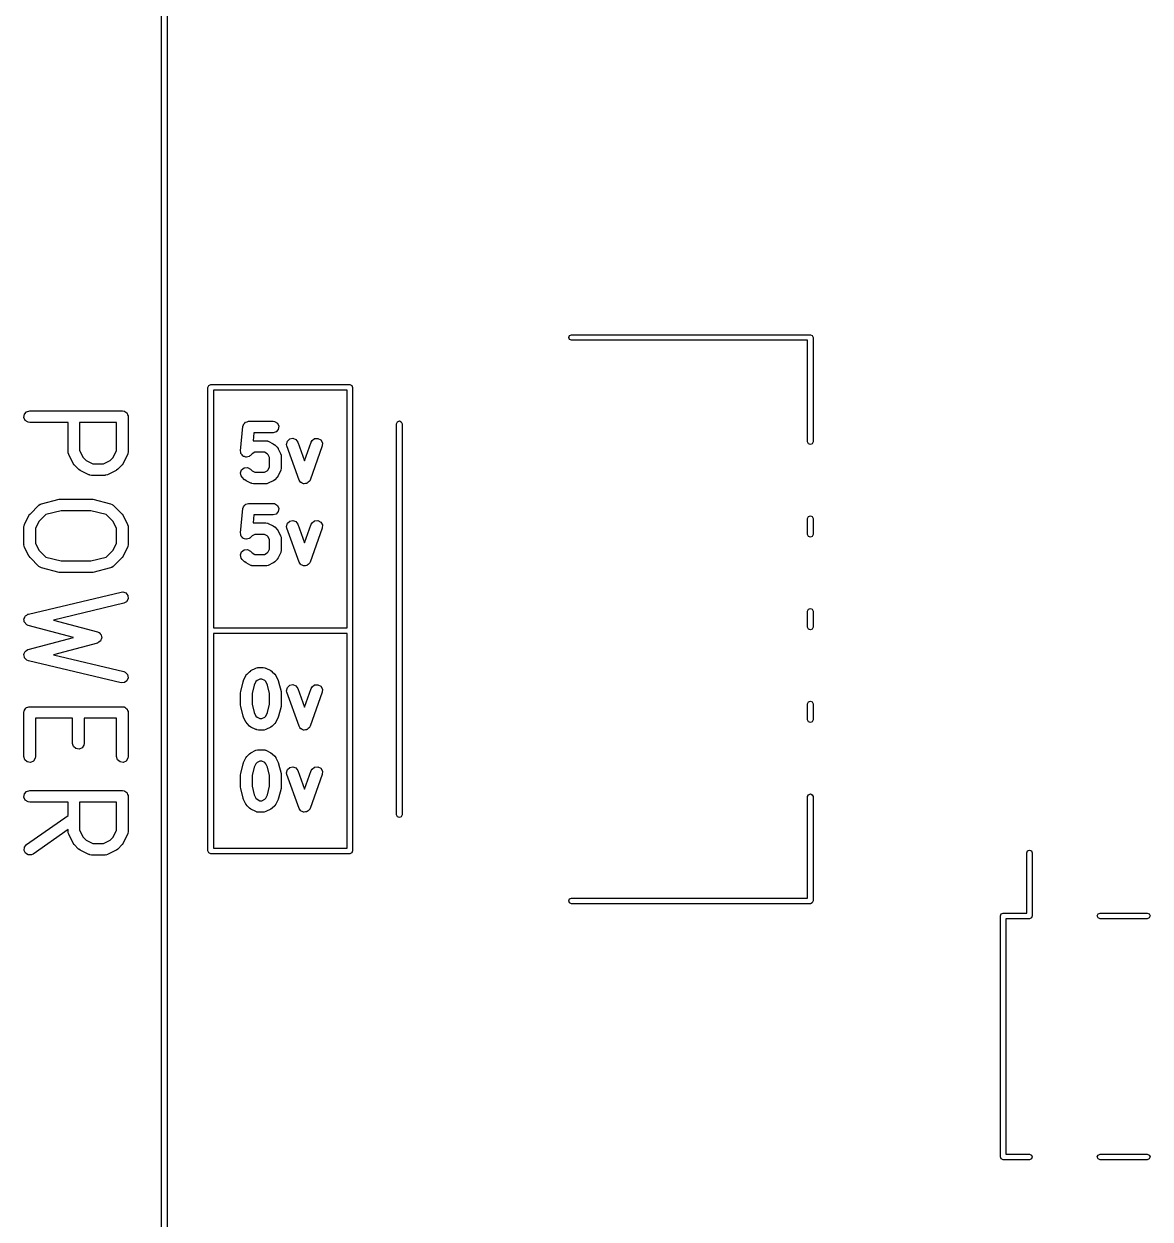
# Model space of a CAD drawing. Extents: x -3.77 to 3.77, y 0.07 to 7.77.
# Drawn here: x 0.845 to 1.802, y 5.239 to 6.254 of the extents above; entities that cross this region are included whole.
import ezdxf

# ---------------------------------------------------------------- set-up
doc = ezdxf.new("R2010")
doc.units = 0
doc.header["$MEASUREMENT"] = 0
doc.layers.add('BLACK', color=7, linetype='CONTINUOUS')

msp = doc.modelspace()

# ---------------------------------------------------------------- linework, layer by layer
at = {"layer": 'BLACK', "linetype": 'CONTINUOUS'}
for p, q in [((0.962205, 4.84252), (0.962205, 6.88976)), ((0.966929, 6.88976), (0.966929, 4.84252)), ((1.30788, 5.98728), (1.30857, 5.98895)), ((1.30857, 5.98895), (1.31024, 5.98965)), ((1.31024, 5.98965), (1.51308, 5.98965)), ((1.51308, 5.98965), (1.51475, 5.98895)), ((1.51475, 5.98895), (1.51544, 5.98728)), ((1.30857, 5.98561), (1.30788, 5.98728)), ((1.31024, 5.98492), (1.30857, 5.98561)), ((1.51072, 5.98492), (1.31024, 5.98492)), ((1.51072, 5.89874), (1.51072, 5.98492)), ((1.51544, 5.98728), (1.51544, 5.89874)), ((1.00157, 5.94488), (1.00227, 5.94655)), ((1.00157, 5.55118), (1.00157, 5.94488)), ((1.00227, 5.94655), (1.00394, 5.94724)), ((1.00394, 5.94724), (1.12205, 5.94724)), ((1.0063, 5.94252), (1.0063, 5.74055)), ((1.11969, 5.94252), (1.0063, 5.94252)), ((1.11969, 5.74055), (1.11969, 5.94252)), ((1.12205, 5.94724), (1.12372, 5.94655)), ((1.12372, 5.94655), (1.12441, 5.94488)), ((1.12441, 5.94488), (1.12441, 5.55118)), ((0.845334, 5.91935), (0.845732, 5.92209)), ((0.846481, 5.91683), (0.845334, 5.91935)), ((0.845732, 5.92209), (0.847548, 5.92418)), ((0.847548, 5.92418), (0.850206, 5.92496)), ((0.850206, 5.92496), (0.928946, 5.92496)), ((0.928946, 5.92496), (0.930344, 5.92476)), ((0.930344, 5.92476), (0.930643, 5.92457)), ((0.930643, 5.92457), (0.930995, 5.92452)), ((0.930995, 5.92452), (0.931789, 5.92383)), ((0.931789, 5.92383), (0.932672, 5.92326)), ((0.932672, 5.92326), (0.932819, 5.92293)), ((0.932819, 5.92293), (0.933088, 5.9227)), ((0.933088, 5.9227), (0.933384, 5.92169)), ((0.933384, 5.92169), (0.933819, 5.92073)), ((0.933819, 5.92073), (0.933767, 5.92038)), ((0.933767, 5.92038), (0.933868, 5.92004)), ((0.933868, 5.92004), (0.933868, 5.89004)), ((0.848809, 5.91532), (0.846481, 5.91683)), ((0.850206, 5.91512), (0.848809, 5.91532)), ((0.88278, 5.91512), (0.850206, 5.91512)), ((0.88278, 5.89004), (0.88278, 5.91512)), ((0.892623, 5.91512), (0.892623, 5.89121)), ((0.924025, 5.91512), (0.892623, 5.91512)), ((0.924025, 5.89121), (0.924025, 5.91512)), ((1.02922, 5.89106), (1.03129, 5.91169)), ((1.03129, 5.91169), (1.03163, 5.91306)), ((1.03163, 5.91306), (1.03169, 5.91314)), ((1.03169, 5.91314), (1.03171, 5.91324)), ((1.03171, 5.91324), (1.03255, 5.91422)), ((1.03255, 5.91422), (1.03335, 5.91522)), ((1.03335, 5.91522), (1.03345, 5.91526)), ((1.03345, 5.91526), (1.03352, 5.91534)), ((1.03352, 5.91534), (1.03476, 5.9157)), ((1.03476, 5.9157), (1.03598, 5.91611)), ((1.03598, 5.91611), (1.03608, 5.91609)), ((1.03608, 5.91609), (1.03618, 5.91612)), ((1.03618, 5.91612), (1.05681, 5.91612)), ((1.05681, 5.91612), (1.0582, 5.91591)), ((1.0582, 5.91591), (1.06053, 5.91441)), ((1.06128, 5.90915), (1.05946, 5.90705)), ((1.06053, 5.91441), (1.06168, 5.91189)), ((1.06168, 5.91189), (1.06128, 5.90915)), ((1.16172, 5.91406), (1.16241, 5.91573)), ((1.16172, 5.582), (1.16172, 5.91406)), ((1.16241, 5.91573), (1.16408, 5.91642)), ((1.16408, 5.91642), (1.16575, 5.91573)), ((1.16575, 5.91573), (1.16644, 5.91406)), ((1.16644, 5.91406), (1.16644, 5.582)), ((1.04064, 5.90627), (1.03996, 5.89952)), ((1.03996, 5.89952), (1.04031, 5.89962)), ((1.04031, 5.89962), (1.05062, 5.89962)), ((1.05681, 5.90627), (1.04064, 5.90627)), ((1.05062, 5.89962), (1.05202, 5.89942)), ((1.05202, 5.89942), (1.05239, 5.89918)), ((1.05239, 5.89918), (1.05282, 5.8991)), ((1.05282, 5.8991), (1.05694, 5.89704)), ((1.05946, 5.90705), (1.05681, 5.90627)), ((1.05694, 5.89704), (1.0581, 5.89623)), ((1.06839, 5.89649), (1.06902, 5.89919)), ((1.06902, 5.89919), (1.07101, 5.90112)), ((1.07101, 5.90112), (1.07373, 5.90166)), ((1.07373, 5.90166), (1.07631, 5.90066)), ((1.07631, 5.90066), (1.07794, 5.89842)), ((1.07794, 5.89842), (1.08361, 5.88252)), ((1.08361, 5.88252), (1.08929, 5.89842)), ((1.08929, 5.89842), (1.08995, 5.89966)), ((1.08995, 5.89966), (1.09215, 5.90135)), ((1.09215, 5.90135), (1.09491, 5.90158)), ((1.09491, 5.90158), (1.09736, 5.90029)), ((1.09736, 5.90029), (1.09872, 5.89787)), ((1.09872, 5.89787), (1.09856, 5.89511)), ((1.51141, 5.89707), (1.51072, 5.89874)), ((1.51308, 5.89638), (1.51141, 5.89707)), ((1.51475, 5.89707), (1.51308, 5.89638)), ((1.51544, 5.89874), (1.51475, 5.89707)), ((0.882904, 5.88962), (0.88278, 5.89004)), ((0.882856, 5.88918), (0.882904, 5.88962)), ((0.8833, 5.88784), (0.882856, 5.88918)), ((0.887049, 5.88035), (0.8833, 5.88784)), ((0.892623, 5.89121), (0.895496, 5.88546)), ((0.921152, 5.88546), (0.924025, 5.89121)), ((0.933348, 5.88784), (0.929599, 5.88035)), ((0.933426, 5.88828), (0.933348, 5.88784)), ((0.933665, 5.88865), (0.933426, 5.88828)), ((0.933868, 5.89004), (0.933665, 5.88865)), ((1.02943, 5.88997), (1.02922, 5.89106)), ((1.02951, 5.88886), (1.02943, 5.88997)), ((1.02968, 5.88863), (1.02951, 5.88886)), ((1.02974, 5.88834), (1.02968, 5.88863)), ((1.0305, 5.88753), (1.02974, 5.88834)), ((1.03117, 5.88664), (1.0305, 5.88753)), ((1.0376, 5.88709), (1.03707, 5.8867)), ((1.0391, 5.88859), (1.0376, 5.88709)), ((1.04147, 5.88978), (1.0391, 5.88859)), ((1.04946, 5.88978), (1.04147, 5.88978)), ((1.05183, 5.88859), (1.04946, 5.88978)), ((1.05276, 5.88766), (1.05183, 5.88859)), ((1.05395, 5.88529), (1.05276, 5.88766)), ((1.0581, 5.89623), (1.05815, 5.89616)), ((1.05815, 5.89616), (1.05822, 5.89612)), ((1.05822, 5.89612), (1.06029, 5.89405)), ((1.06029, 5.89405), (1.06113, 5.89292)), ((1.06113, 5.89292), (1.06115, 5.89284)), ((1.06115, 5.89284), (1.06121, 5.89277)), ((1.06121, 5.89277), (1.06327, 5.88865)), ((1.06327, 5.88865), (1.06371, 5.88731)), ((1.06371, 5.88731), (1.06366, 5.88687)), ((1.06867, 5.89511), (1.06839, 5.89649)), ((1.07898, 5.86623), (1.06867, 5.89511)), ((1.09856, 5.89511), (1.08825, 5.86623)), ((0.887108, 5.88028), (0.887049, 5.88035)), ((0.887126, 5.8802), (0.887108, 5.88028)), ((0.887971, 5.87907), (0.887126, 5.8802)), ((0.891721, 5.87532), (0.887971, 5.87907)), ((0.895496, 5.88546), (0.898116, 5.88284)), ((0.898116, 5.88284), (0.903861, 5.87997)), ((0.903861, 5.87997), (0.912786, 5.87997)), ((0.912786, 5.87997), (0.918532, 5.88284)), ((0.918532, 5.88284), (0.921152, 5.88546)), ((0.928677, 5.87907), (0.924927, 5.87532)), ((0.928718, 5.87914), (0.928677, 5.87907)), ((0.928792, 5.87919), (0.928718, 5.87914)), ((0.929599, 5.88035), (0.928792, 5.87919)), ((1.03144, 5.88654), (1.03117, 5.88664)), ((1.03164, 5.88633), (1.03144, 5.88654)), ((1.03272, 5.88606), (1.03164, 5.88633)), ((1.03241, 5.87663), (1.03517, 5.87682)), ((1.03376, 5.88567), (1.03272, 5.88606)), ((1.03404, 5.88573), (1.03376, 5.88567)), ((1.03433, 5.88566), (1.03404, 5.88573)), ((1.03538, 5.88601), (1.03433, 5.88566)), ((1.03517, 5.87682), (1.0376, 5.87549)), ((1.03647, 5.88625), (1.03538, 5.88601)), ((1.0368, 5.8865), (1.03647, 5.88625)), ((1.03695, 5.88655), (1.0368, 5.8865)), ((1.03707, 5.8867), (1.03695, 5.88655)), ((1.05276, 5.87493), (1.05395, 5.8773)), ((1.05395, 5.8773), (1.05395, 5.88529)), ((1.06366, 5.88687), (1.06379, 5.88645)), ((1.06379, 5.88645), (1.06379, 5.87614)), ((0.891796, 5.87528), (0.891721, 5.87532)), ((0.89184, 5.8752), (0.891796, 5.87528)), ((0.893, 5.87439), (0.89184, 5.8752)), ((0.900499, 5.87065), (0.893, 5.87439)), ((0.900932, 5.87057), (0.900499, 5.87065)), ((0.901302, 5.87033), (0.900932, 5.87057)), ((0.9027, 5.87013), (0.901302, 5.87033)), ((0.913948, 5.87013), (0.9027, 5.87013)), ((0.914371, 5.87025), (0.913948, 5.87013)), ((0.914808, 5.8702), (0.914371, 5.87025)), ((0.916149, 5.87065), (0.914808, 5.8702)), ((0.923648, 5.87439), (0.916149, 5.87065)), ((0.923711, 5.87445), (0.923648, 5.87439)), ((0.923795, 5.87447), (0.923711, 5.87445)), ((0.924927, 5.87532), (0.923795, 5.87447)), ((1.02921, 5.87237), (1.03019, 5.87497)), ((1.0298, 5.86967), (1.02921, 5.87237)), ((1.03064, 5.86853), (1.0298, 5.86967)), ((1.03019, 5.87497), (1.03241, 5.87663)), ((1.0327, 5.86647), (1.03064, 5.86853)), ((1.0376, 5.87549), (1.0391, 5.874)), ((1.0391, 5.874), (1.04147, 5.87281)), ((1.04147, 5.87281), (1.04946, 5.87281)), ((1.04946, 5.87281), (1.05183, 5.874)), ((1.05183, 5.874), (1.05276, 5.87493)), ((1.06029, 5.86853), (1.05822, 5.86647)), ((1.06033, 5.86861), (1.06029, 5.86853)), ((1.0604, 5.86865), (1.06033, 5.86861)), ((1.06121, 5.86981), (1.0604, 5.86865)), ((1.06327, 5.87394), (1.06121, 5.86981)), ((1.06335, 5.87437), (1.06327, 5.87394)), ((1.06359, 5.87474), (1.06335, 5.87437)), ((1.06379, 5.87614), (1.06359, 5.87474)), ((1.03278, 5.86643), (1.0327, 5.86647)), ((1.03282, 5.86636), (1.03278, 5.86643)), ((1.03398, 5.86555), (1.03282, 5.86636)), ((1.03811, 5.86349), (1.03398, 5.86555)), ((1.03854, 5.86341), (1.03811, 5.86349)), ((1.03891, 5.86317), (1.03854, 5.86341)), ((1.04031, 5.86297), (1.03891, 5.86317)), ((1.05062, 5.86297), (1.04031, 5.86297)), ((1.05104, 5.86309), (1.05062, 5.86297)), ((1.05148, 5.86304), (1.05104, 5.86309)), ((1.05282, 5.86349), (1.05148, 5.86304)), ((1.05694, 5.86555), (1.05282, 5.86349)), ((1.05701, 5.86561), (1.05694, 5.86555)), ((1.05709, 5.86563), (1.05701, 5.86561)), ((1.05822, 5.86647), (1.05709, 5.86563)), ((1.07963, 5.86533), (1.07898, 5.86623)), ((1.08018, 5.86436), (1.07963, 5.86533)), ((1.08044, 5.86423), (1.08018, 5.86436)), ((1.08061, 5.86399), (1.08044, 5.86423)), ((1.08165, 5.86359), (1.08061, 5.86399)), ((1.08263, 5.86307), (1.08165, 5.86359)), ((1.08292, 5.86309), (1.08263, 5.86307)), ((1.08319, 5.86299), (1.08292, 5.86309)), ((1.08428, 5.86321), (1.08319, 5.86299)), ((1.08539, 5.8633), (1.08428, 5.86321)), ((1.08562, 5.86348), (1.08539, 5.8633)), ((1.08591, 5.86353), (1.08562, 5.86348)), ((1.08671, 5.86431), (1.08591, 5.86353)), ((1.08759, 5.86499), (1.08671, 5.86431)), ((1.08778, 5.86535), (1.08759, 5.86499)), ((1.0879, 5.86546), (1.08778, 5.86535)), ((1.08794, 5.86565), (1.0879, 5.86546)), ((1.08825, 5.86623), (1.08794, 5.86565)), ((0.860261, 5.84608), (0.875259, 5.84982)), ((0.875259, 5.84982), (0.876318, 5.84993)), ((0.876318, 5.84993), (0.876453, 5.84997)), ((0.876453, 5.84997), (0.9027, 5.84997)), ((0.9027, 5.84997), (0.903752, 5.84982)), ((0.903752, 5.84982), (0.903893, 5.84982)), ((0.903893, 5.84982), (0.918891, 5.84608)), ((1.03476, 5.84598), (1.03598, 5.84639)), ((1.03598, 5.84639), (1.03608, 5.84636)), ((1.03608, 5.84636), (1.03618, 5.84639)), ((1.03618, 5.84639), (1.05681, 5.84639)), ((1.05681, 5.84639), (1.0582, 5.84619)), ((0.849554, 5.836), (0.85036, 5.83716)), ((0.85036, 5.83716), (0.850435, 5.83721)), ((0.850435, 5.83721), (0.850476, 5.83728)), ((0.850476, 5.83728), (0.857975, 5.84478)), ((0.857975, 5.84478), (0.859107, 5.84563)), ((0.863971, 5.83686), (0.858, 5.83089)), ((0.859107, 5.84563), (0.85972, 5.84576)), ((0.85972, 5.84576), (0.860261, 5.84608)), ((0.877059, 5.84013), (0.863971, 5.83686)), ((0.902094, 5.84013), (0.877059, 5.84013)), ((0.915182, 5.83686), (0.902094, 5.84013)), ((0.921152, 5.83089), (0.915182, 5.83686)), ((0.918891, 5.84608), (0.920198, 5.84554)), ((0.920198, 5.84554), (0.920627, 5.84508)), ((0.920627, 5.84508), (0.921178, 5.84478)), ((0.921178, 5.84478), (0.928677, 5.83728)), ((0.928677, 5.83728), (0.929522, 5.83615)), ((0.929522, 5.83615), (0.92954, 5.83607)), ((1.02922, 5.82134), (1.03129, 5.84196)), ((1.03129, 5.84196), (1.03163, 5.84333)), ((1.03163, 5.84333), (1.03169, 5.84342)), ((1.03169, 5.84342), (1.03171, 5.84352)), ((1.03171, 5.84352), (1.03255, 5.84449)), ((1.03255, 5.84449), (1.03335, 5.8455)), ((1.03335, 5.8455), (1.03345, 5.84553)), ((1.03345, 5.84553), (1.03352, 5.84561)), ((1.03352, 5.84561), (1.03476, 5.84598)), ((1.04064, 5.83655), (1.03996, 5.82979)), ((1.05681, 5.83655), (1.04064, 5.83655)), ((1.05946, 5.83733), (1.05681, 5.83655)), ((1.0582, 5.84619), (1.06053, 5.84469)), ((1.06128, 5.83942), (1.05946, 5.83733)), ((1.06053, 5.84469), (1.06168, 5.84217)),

━━━━━━━━━━

The answer must be every line of the data that holds the word "linetype".

§ **Task result**
doc.layers.add('BLACK', color=7, linetype='CONTINUOUS')
at = {"layer": 'BLACK', "linetype": 'CONTINUOUS'}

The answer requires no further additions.